Mais voilà que les « gilets » fraternisent et ressentent une « communauté de destin » devant l’énorme arsenal répressif déployé contre eux. Ce sentiment va occulter un temps tout ce qui les divise voire les oppose.
Dans la lettre d’information de l’association « Notre Dame Des Landes, Poursuivre ensemble », des occupants de la ZAD, qui sont allés à la rencontre des gilets jaunes, racontent la perplexité de leurs voisins à qui ils demandent du lait à la traite pour la marmite de chocolat chaud du lendemain sur les ronds-points : « Alors, vous allez soutenir des gens qui luttent pour le droit à la bagnole, maintenant ? »

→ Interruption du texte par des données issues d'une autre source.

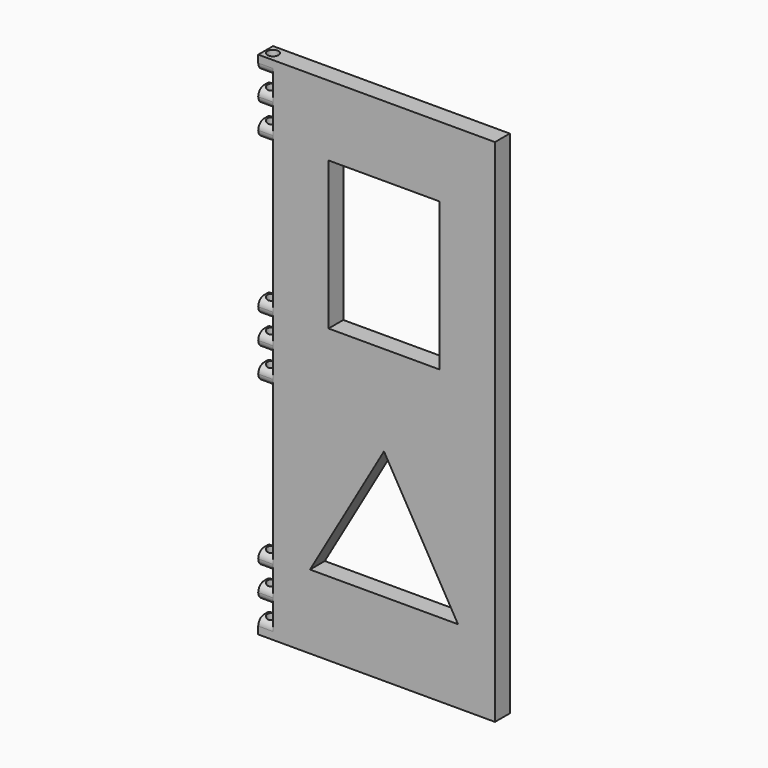
from build123d import *

# Parameters (mm, degrees)
F0_W        = 0.2
F0_H        = 0.2
F1_DEPTH    = 0.25
F3_DEPTH    = 25
F4_T1_DEPTH = 0.45


# Not quite as in the source:
# - a fillet or chamfer that OpenCascade refuses, or shapes differently, is made with other operations: its cross-section is extruded or revolved along the edge and cut away or added


with BuildPart() as f1:
    # F0 (on Front) → F1 (new body)
    with BuildSketch(Plane.XZ):
        Polygon((-1.5, -3.45), (1.5, -3.45), (1.5, 3.45), (-1.5, 3.45), (-1.5, 3.25), (-1.5, 3.05), (-1.5, 2.85), (-1.5, 2.65), (-1.5, 2.45), (-1.5, 0.55), (-1.5, 0.35), (-1.5, 0.15), (-1.5, -0.05), (-1.5, -0.25), (-1.5, -0.45), (-1.5, -2.45), (-1.5, -2.65), (-1.5, -2.85), (-1.5, -3.05), (-1.5, -3.25), align=None)
        Polygon((1, -2.45), (-1, -2.45), (0, -0.7179491924), align=None, mode=Mode.SUBTRACT)
        Polygon((-0.75, 0.5), (-0.75, 2.5), (0.75, 2.5), (0.75, 0.5), (0, 0.5), align=None, mode=Mode.SUBTRACT)
        with Locations((-1.6, -3.35)):
            Rectangle(F0_W, F0_H)
        with Locations((-1.6, -2.95)):
            Rectangle(F0_W, F0_H)
        with Locations((-1.6, -2.55)):
            Rectangle(F0_W, F0_H)
        with Locations((-1.6, -0.35)):
            Rectangle(F0_W, F0_H)
        with Locations((-1.6, 0.05)):
            Rectangle(F0_W, F0_H)
        with Locations((-1.6, 0.45)):
            Rectangle(F0_W, F0_H)
        with Locations((-1.6, 2.55)):
            Rectangle(F0_W, F0_H)
        with Locations((-1.6, 2.95)):
            Rectangle(F0_W, F0_H)
        with Locations((-1.6, 3.35)):
            Rectangle(F0_W, F0_H)
    extrude(amount=F1_DEPTH)

    # F2 (on face) → F3 (cut)
    with BuildSketch(Plane(origin=(0, 0, -3.45), x_dir=(1, 0, 0), z_dir=(0, 0, -1))):
        with BuildLine():
            ThreePointArc((-1.675, 0.125), (-1.6, 0.05), (-1.525, 0.125))
            ThreePointArc((-1.525, 0.125), (-1.6, 0.2), (-1.675, 0.125))
        make_face()
    extrude(amount=-F3_DEPTH, mode=Mode.SUBTRACT)

    # F4: fillet of radius 0.1 on 32 edges, made by hand

    # F4_s2 → F4_t1 (cut)
    with BuildSketch(Plane.YZ.offset(-1.95)):
        with BuildLine():
            ThreePointArc((-0.25, -2.55), (-0.2207106781, -2.4792893219), (-0.15, -2.45))
            Line((-0.15, -2.45), (-0.25, -2.45))
            Line((-0.25, -2.45), (-0.25, -2.55))
        make_face()
        with BuildLine():
            ThreePointArc((0, -2.55), (-0.0292893219, -2.4792893219), (-0.1, -2.45))
            Line((-0.1, -2.45), (0, -2.45))
            Line((0, -2.45), (0, -2.55))
        make_face()
        with BuildLine():
            ThreePointArc((-0.25, -2.55), (-0.2207106781, -2.6207106781), (-0.15, -2.65))
            Line((-0.15, -2.65), (-0.25, -2.65))
            Line((-0.25, -2.65), (-0.25, -2.55))
        make_face()
        with BuildLine():
            ThreePointArc((0, -2.55), (-0.0292893219, -2.6207106781), (-0.1, -2.65))
            Line((-0.1, -2.65), (0, -2.65))
            Line((0, -2.65), (0, -2.55))
        make_face()
        with BuildLine():
            ThreePointArc((-0.25, -2.95), (-0.2207106781, -2.8792893219), (-0.15, -2.85))
            Line((-0.15, -2.85), (-0.25, -2.85))
            Line((-0.25, -2.85), (-0.25, -2.95))
        make_face()
        with BuildLine():
            ThreePointArc((-0.25, -2.95), (-0.2207106781, -3.0207106781), (-0.15, -3.05))
            Line((-0.15, -3.05), (-0.25, -3.05))
            Line((-0.25, -3.05), (-0.25, -2.95))
        make_face()
        with BuildLine():
            ThreePointArc((0, -2.95), (-0.0292893219, -3.0207106781), (-0.1, -3.05))
            Line((-0.1, -3.05), (0, -3.05))
            Line((0, -3.05), (0, -2.95))
        make_face()
        with BuildLine():
            ThreePointArc((0, -2.95), (-0.0292893219, -2.8792893219), (-0.1, -2.85))
            Line((-0.1, -2.85), (0, -2.85))
            Line((0, -2.85), (0, -2.95))
        make_face()
        with BuildLine():
            ThreePointArc((0, -3.35), (-0.0292893219, -3.2792893219), (-0.1, -3.25))
            Line((-0.1, -3.25), (0, -3.25))
            Line((0, -3.25), (0, -3.35))
        make_face()
        with BuildLine():
            ThreePointArc((-0.25, -3.35), (-0.2207106781, -3.2792893219), (-0.15, -3.25))
            Line((-0.15, -3.25), (-0.25, -3.25))
            Line((-0.25, -3.25), (-0.25, -3.35))
        make_face()
        with BuildLine():
            ThreePointArc((0, -0.35), (-0.0292893219, -0.2792893219), (-0.1, -0.25))
            Line((-0.1, -0.25), (0, -0.25))
            Line((0, -0.25), (0, -0.35))
        make_face()
        with BuildLine():
            ThreePointArc((0, -0.35), (-0.0292893219, -0.4207106781), (-0.1, -0.45))
            Line((-0.1, -0.45), (0, -0.45))
            Line((0, -0.45), (0, -0.35))
        make_face()
        with BuildLine():
            ThreePointArc((-0.25, -0.35), (-0.2207106781, -0.2792893219), (-0.15, -0.25))
            Line((-0.15, -0.25), (-0.25, -0.25))
            Line((-0.25, -0.25), (-0.25, -0.35))
        make_face()
        with BuildLine():
            ThreePointArc((-0.25, -0.35), (-0.2207106781, -0.4207106781), (-0.15, -0.45))
            Line((-0.15, -0.45), (-0.25, -0.45))
            Line((-0.25, -0.45), (-0.25, -0.35))
        make_face()
        with BuildLine():
            ThreePointArc((-0.25, 0.05), (-0.2207106781, 0.1207106781), (-0.15, 0.15))
            Line((-0.15, 0.15), (-0.25, 0.15))
            Line((-0.25, 0.15), (-0.25, 0.05))
        make_face()
        with BuildLine():
            ThreePointArc((-0.25, 0.05), (-0.2207106781, -0.0207106781), (-0.15, -0.05))
            Line((-0.15, -0.05), (-0.25, -0.05))
            Line((-0.25, -0.05), (-0.25, 0.05))
        make_face()
        with BuildLine():
            ThreePointArc((0, 0.05), (-0.0292893219, 0.1207106781), (-0.1, 0.15))
            Line((-0.1, 0.15), (0, 0.15))
            Line((0, 0.15), (0, 0.05))
        make_face()
        with BuildLine():
            ThreePointArc((0, 0.05), (-0.0292893219, -0.0207106781), (-0.1, -0.05))
            Line((-0.1, -0.05), (0, -0.05))
            Line((0, -0.05), (0, 0.05))
        make_face()
        with BuildLine():
            ThreePointArc((0, 0.45), (-0.0292893219, 0.3792893219), (-0.1, 0.35))
            Line((-0.1, 0.35), (0, 0.35))
            Line((0, 0.35), (0, 0.45))
        make_face()
        with BuildLine():
            ThreePointArc((0, 0.45), (-0.0292893219, 0.5207106781), (-0.1, 0.55))
            Line((-0.1, 0.55), (0, 0.55))
            Line((0, 0.55), (0, 0.45))
        make_face()
        with BuildLine():
            ThreePointArc((-0.25, 0.45), (-0.2207106781, 0.3792893219), (-0.15, 0.35))
            Line((-0.15, 0.35), (-0.25, 0.35))
            Line((-0.25, 0.35), (-0.25, 0.45))
        make_face()
        with BuildLine():
            ThreePointArc((-0.25, 0.45), (-0.2207106781, 0.5207106781), (-0.15, 0.55))
            Line((-0.15, 0.55), (-0.25, 0.55))
            Line((-0.25, 0.55), (-0.25, 0.45))
        make_face()
        with BuildLine():
            ThreePointArc((-0.25, 2.55), (-0.2207106781, 2.6207106781), (-0.15, 2.65))
            Line((-0.15, 2.65), (-0.25, 2.65))
            Line((-0.25, 2.65), (-0.25, 2.55))
        make_face()
        with BuildLine():
            ThreePointArc((0, 2.55), (-0.0292893219, 2.6207106781), (-0.1, 2.65))
            Line((-0.1, 2.65), (0, 2.65))
            Line((0, 2.65), (0, 2.55))
        make_face()
        with BuildLine():
            ThreePointArc((-0.25, 2.95), (-0.2207106781, 3.0207106781), (-0.15, 3.05))
            Line((-0.15, 3.05), (-0.25, 3.05))
            Line((-0.25, 3.05), (-0.25, 2.95))
        make_face()
        with BuildLine():
            ThreePointArc((0, 2.95), (-0.0292893219, 3.0207106781), (-0.1, 3.05))
            Line((-0.1, 3.05), (0, 3.05))
            Line((0, 3.05), (0, 2.95))
        make_face()
        with BuildLine():
            ThreePointArc((-0.25, 2.95), (-0.2207106781, 2.8792893219), (-0.15, 2.85))
            Line((-0.15, 2.85), (-0.25, 2.85))
            Line((-0.25, 2.85), (-0.25, 2.95))
        make_face()
        with BuildLine():
            ThreePointArc((-0.25, 2.55), (-0.2207106781, 2.4792893219), (-0.15, 2.45))
            Line((-0.15, 2.45), (-0.25, 2.45))
            Line((-0.25, 2.45), (-0.25, 2.55))
        make_face()
        with BuildLine():
            ThreePointArc((-0.25, 3.35), (-0.2207106781, 3.2792893219), (-0.15, 3.25))
            Line((-0.15, 3.25), (-0.25, 3.25))
            Line((-0.25, 3.25), (-0.25, 3.35))
        make_face()
        with BuildLine():
            ThreePointArc((0, 3.35), (-0.0292893219, 3.2792893219), (-0.1, 3.25))
            Line((-0.1, 3.25), (0, 3.25))
            Line((0, 3.25), (0, 3.35))
        make_face()
        with BuildLine():
            ThreePointArc((0, 2.95), (-0.0292893219, 2.8792893219), (-0.1, 2.85))
            Line((-0.1, 2.85), (0, 2.85))
            Line((0, 2.85), (0, 2.95))
        make_face()
        with BuildLine():
            ThreePointArc((0, 2.55), (-0.0292893219, 2.4792893219), (-0.1, 2.45))
            Line((-0.1, 2.45), (0, 2.45))
            Line((0, 2.45), (0, 2.55))
        make_face()
    extrude(amount=F4_T1_DEPTH, mode=Mode.SUBTRACT)


solid = f1.part

Des citoyens « insérés », sans qu’on puisse en distinguer la classe sociale ou le niveau de revenus, se mobilisent sur les ronds-points pour expérimenter une sorte de démocratie directe dont il semble qu’ils font l’apprentissage en même temps qu’ils se révoltent. Ils sont ceux qu’on ne voit ni n’entend jamais, justement parce qu’ils ne sont ni puissants ni misérables… Ce sont les gens qui ont le sentiment de payer beaucoup trop, qui comme le disent certains « ont la chance d’avoir du boulot »… mais pas celle d’accéder à une vie décente malgré leurs efforts.
Sous le regard médusé des décideurs politiques de tout poil, ils viennent éclairer le futur de leur révolte, semant aussi la perplexité au sein de bien des centrales syndicales, dont ils devancent, ou parfois supplantent, les revendications. Car le mouvement porte, pour une part, des idées qui ressemblent à celles du socialisme du début, où la solidarité animait les cœurs.
Cette pluralité du mouvement fait sa force, comme elle peut faire aussi sa faiblesse ou l’exposer aux récupérations. Mais, dans sa puissance et son courage, il contient une part d’irrécupérable, qui transgresse les appartenances et les convictions initiales. Il permet à ces groupes divers d’abord de se regarder en face, puis d’avancer de front. La « fracture sociale » ne passe plus entre ceux qui ont peu et ceux qui n’ont rien, ou entre telle origine et telle autre. Elle s’ouvre profondément entre la réalité – mixte, multiple et souvent divergente – de ce qui peut s’appeler un peuple, et un pouvoir technocratique aveugle, même au jaune fluo.